Nayax Board Rules Out Ransom Payment After Hackers Breach Subsidiary Cloud Account and Threaten to Dump 100TB of Data
Nayax Board Rules Out Ransom Payment After Hackers Breach Subsidiary Cloud Account and Threaten to Dump 100TB of Data #
Israeli payments and loyalty fintech Nayax (NASDAQ: NYAX; TASE: NYAX) has refused to pay a criminal extortion demand following a cyberattack in which data was stolen from a cloud account belonging to one of its subsidiaries, the company disclosed in an update filed with the U.S. Securities and Exchange Commission on 14 July 2026.
Nayax first reported the incident on 8 July, telling the SEC it had detected anomalous activity inside a subsidiary’s cloud account and had immediately blocked and contained the affected environment. The company said it had engaged external cybersecurity experts and notified law enforcement in both Israel and the United States.
A threat actor calling itself TheSyndicate claimed credit for the intrusion, alleging it had exfiltrated more than 100TB of material, including more than one billion payment card records, KYC identity files, internal API credentials, database dumps, and source code, and threatening to publish the data through a dedicated portal on 21 July 2026 unless a ransom was paid.
In its 14 July update, Nayax confirmed that some data had been taken but described the stolen material more narrowly.

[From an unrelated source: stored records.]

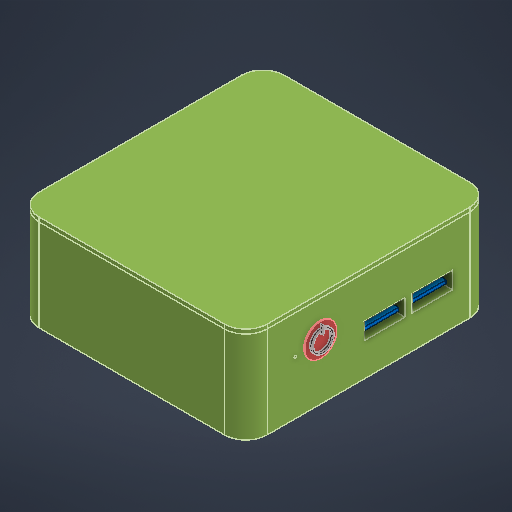
# Autodesk Inventor part: PC
Saved by Autodesk Inventor 2027.1 (Build 311270010, 270A)
## iProperties
Created: 2026-10-10
Part Number: PC
Material: PC/ABS 플라스틱
Document SubType Name: Modeling
Designer: work
Density: 1.1 g/cm^3
Appearance: 올리브 녹색
Author: work
Autodesk Inventor part; units mm, degrees
ref_plane "YZ Plane" through (0, 0, 0) normal (1, 0, 0) x (0, 1, 0)
ref_plane "XZ Plane" through (0, 0, 0) normal (0, 1, 0) x (-1, 0, 0)
sketch "스케치1" plane through (0, 0, 0) normal (0, 1, 0) x (-1, 0, 0)
  line L0 (0, 0) -> (107, 0)
  line L1 (107, 0) -> (107, -115)
  line L2 (107, -115) -> (0, -115)
  line L3 (0, -115) -> (0, 0)
  dimension "d0" = 107
  dimension "d1" = 115
  constraints: 8 end point, 2 parallel, 1 horizontal, 1 perpendicular
  measures "d0" distance of L1.end L2.end
  measures "d1" distance of L0.end L1.end
extrude "돌출1" add sketch "스케치1" along normal blind 45
fillet "모깎기1" radius 10 4 edges at (-107, 22.5, 0) (0, 22.5, 0) (0, 22.5, -115) (-107, 22.5, -115)
sketch "스케치2" plane through (0, 0, -10) normal (1, 0, 0) x (0, 0, -1)
  circle A0 centre (24.6249, 26.5813) radius 7.5
  line L0 (45.4553, 23.4003) -> (86.8672, 23.4003)
  line L1 (86.8672, 23.4003) -> (86.8672, 15.5256)
  line L2 (86.8672, 15.5256) -> (45.4553, 15.5256)
  line L3 (45.4553, 15.5256) -> (45.4553, 23.4003)
  line L4 (64.5413, 23.4003) -> (67.7812, 23.4003)
  line L5 (67.7812, 23.4003) -> (67.7812, 15.5256)
  line L6 (67.7812, 15.5256) -> (64.5413, 15.5256)
  line L7 (64.5413, 15.5256) -> (64.5413, 23.4003)
  point P0 (-10, 0)
  point P1 (66.1613, 23.4003)
  dimension "d5" = 15
  constraints: 16 end point, 4 parallel, 2 horizontal, 2 midpoint, 2 perpendicular, 2 point on line, 1 centre point
  measures "d5" diameter of A0
extrude "돌출2" add sketch "스케치2" along normal blind 0.5 separate body contours A0
extrude "돌출3" cut sketch "스케치2" against normal blind 20 contours L0 L7 L2 L3 | L0 L1 L2 L5 bodies 1
sketch "스케치3" plane through (-20, 0, -10) normal (1, 0, 0) x (0, 0, -1)
  line L0 (64.5413, 15.5256) -> (45.4553, 15.5256) projected
  line L1 (64.5413, 23.4003) -> (64.5413, 15.5256) projected
  line L2 (45.4553, 23.4003) -> (64.5413, 23.4003) projected
  line L3 (45.4553, 15.5256) -> (45.4553, 23.4003) projected
  line L4 (67.7812, 23.4003) -> (86.8672, 23.4003) projected
  line L5 (67.7812, 15.5256) -> (67.7812, 23.4003) projected
  line L6 (86.8672, 15.5256) -> (67.7812, 15.5256) projected
  line L7 (86.8672, 23.4003) -> (86.8672, 15.5256) projected
  line L8 (64.5413, 15.5256) -> (67.7812, 15.5256)
  line L9 (66.1613, 15.5256) -> (66.1613, 23.4003)
  line L10 (46.4553, 19.0256) -> (63.5413, 19.0256)
  line L11 (63.5413, 19.0256) -> (63.5413, 17.5256)
  line L12 (63.5413, 17.5256) -> (46.4553, 17.5256)
  line L13 (46.4553, 17.5256) -> (46.4553, 19.0256)
  line L14 (85.8672, 19.0256) -> (68.7812, 19.0256)
  line L15 (68.7812, 19.0256) -> (68.7812, 17.5256)
  line L16 (68.7812, 17.5256) -> (85.8672, 17.5256)
  line L17 (85.8672, 17.5256) -> (85.8672, 19.0256)
  point P0 (-10, 0)
  point P1 (54.9983, 19.0256)
  point P2 (54.9983, 23.4003)
  point P3 (46.4553, 18.2756)
  point P4 (77.3242, 19.0256)
  point P5 (85.8672, 18.2756)
  dimension "d10" = 1.5
  dimension "d11" = 1
  dimension "d12" = 2
  constraints: 20 end point, 6 symmetric about line, 4 midpoint, 2 horizontal, 2 parallel, 1 perpendicular, 1 vertical, 1 vertical alignment
  measures "d10" distance between parallel lines of L12 L10
  measures "d11" distance from line of L3 point (46.455, 18.276)
  measures "d12" distance between parallel lines of L0 L12
extrude "돌출4" add sketch "스케치3" along normal blind 18 separate body contours L10 L11 L12 L13 | L17 L16 L15 L14
ref_plane "작업 평면1" through (0, 43, 0) normal (0, 1, 0) x (1, 0, 0)
split body "분할1" result two bodies by plane through (0, 43, 0) normal (0, 1, 0) bodies 1 first body at (-35.6667, 44.5, -41.6667)
sketch "스케치4" plane through (0.5, 26.5813, -34.6249) normal (1, 0, 0) x (0, 0, -1)
  circle A0 centre (0, 0) radius 5.177
  circle A1 centre (0, 0) radius 4.3493
  line L0 (0.1162, 6.062) -> (0.1162, 2.6336) construction
  line L1 (-0.2316, 6.062) -> (-0.2316, 2.6336)
  line L2 (0.4641, 2.6336) -> (0.4641, 6.062)
  arc A2 (0.4641, 6.062) -> (-0.2316, 6.062) centre (0.1162, 6.062) ccw
  arc A3 (-0.2316, 2.6336) -> (0.4641, 2.6336) centre (0.1162, 2.6336) ccw
  line L3 (0.1162, 2.6336) -> (0.1162, 6.062) construction
  line L4 (1.081, 2.6336) -> (1.081, 6.062)
  line L5 (-0.8486, 6.062) -> (-0.8486, 2.6336)
  arc A4 (-0.8486, 2.6336) -> (1.081, 2.6336) centre (0.1162, 2.6336) ccw
  arc A5 (1.081, 6.062) -> (-0.8486, 6.062) centre (0.1162, 6.062) ccw
  point P0 (-34.6249, -26.5813)
  point P1 (0.1162, 4.3478)
  point P2 (-0.8486, 4.2657)
  point P3 (-0.8486, 5.107)
  point P4 (1.081, 5.0629)
  point P5 (1.081, 4.2128)
  constraints: 16 end point, 8 point on circle, 8 tangent, 5 centre point, 3 parallel, 2 midpoint, 1 coincident, 1 vertical, 3 other
extrude "돌출5" add sketch "스케치4" along normal blind 1 separate body contours A0 L5 A1 L4 | L2 A1 L1 A0 | A0 L1 A2 L2 | L2 A3 L1 A1
sketch "스케치5" plane through (0, 0, -10) normal (1, 0, 0) x (0, 0, -1)
  circle A0 centre (13.1572, 24.9961) radius 0.621
  point P0 (-10, 0)
  constraints: 1 centre point
extrude "돌출6" cut sketch "스케치5" against normal blind 3 bodies 5

According to the company, the exfiltrated files consist of a backup of scanned documents, general business information, and backup copies of payment transaction records. The company said the transaction backups do not contain sensitive payment authentication data such as cardholder names, CVV codes, or identification numbers, because Nayax does not collect or generally retain such information. It also noted that a large share of the underlying transactions were processed through digital wallets such as Apple Pay and Google Pay, which use single-use tokenization, limiting the practical value of the data to an attacker.
Nayax’s Board of Directors resolved not to comply with the extortion demand, concluding that doing so would not be in the long-term interests of its customers, partners, employees, or shareholders. The company said it is cooperating with law enforcement authorities, which are conducting an active investigation.
Nayax said its technical remediation and system review are complete and that its production environment and core systems were never compromised. All customer safeguarded funds were confirmed untouched, and business operations are continuing normally. The company said it has incurred, and may continue to incur, costs linked to the response and investigation, but does not currently expect the incident to have a material effect on its financial condition or results of operations.
Nayax, headquartered in Herzliya, Israel, reported revenues of $400 million for 2025, a 24% year-on-year increase, alongside a shift to net profitability.